Cassazione civile, ordinanza 27 settembre 2019, n. 24167
Nel caso di responsabilità medica, la struttura presso cui si è svolta l’operazione, che ha cagionato il danno alla paziente, è solidalmente responsabile con il medico, esecutore dell’intervento chirurgico. Se la casa di cura viene condannata al pagamento del risarcimento e intende agire in regresso verso il medico, ha l’onere di provare l’esclusiva responsabilità dell’altro obbligato solidale (ossia del chirurgo) nella causazione del fatto.

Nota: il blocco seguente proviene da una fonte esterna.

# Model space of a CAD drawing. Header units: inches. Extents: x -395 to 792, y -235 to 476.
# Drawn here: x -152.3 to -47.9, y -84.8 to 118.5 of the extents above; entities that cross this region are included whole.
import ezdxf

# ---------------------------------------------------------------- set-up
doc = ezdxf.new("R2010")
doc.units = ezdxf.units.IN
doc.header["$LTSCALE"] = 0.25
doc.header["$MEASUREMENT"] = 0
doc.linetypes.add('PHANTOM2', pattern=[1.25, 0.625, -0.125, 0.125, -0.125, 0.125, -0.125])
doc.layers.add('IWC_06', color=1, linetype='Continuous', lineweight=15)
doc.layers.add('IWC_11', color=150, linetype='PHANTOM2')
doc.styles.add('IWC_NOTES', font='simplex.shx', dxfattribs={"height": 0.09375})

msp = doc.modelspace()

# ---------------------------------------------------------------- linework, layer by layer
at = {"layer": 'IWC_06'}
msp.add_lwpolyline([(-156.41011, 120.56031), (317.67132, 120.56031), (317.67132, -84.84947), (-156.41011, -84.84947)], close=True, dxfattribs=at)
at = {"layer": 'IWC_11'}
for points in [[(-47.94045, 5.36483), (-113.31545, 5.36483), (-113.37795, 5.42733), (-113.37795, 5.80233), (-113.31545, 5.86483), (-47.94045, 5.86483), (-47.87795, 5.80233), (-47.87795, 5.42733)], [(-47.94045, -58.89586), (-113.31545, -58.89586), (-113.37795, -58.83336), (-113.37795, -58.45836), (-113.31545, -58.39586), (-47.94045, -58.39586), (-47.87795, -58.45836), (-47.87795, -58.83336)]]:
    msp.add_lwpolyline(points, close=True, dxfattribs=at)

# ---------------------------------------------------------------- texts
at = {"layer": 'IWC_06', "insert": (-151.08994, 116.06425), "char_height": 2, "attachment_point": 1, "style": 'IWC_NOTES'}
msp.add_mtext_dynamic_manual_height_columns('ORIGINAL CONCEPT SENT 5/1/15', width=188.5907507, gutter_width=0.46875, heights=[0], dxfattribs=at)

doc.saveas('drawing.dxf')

Nello specifico, la Suprema Corte ha affermato che: “laddove la struttura sanitaria, correttamente evocata in giudizio dal paziente che, instaurando un rapporto contrattuale, si è sottoposto ad un intervento chirurgico all’interno della struttura stessa, sostenga che l’esclusiva responsabilità dell’accaduto non è imputabile a sue mancanze tecnico-organizzative, ma esclusivamente alla imperizia del chirurgo, che ha eseguito l’operazione, agendo in garanzia impropria e chiedendo di essere tenuta indenne di quanto eventualmente fosse condannata a pagare nei confronti della danneggiata, ed in regresso nei confronti del chirurgo, affinché, nei rapporti interni, si accerti l’esclusiva responsabilità di questi nella causazione del danno, è sul soggetto che agisce in regresso a fronte di una responsabilità solidale che grava l’onere di provare l’esclusiva responsabilità dell’altro soggetto. Non rientra invece nell’onere probatorio del chiamato l’onere di individuare precise cause di responsabilità della clinica in virtù delle quali l’azione di regresso non potesse essere, in tutto o in parte, accolta“.